↓
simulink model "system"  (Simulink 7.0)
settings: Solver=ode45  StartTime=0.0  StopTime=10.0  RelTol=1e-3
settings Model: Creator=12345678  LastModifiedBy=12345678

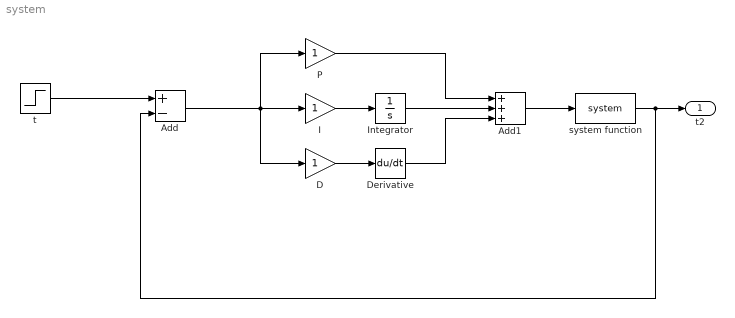
== system system ==
  Add : Sum  Inputs=+-  OutDataType=sfix(16)  OutScaling=2^-10
  Add1 : Sum  Inputs=+++  OutDataType=sfix(16)  OutScaling=2^-10
  D : Gain  ParameterDataType=sfix(16)  ParameterScaling=2^0  OutDataType=sfix(16)  OutScaling=2^0
  Derivative : Derivative
  I : Gain  ParameterDataType=sfix(16)  ParameterScaling=2^0  OutDataType=sfix(16)  OutScaling=2^0
  Integrator : Integrator
  P : Gain  ParameterDataType=sfix(16)  ParameterScaling=2^0  OutDataType=sfix(16)  OutScaling=2^0
  system function : S-Function
  t : Step  SampleTime=0
  t2 : Outport  OutDataType=sfix(16)  OutScaling=2^0
  wires:
  Add/1 -> I/1, P/1, D/1
  t/1 -> Add/1
  D/1 -> Derivative/1
  I/1 -> Integrator/1
  Derivative/1 -> Add1/3
  Integrator/1 -> Add1/2
  P/1 -> Add1/1
  Add1/1 -> system function/1
  system function/1 -> t2/1, Add/2
↑
■ EXERCISE
The records above, copied word for word without the pictures, are what should be output.

■ SOLUTION
simulink model "system"  (Simulink 7.0)
settings: Solver=ode45  StartTime=0.0  StopTime=10.0  RelTol=1e-3
settings Model: Creator=12345678  LastModifiedBy=12345678

== system system ==
  Add : Sum  Inputs=+-  OutDataType=sfix(16)  OutScaling=2^-10
  Add1 : Sum  Inputs=+++  OutDataType=sfix(16)  OutScaling=2^-10
  D : Gain  ParameterDataType=sfix(16)  ParameterScaling=2^0  OutDataType=sfix(16)  OutScaling=2^0
  Derivative : Derivative
  I : Gain  ParameterDataType=sfix(16)  ParameterScaling=2^0  OutDataType=sfix(16)  OutScaling=2^0
  Integrator : Integrator
  P : Gain  ParameterDataType=sfix(16)  ParameterScaling=2^0  OutDataType=sfix(16)  OutScaling=2^0
  system function : S-Function
  t : Step  SampleTime=0
  t2 : Outport  OutDataType=sfix(16)  OutScaling=2^0
  wires:
  Add/1 -> I/1, P/1, D/1
  t/1 -> Add/1
  D/1 -> Derivative/1
  I/1 -> Integrator/1
  Derivative/1 -> Add1/3
  Integrator/1 -> Add1/2
  P/1 -> Add1/1
  Add1/1 -> system function/1
  system function/1 -> t2/1, Add/2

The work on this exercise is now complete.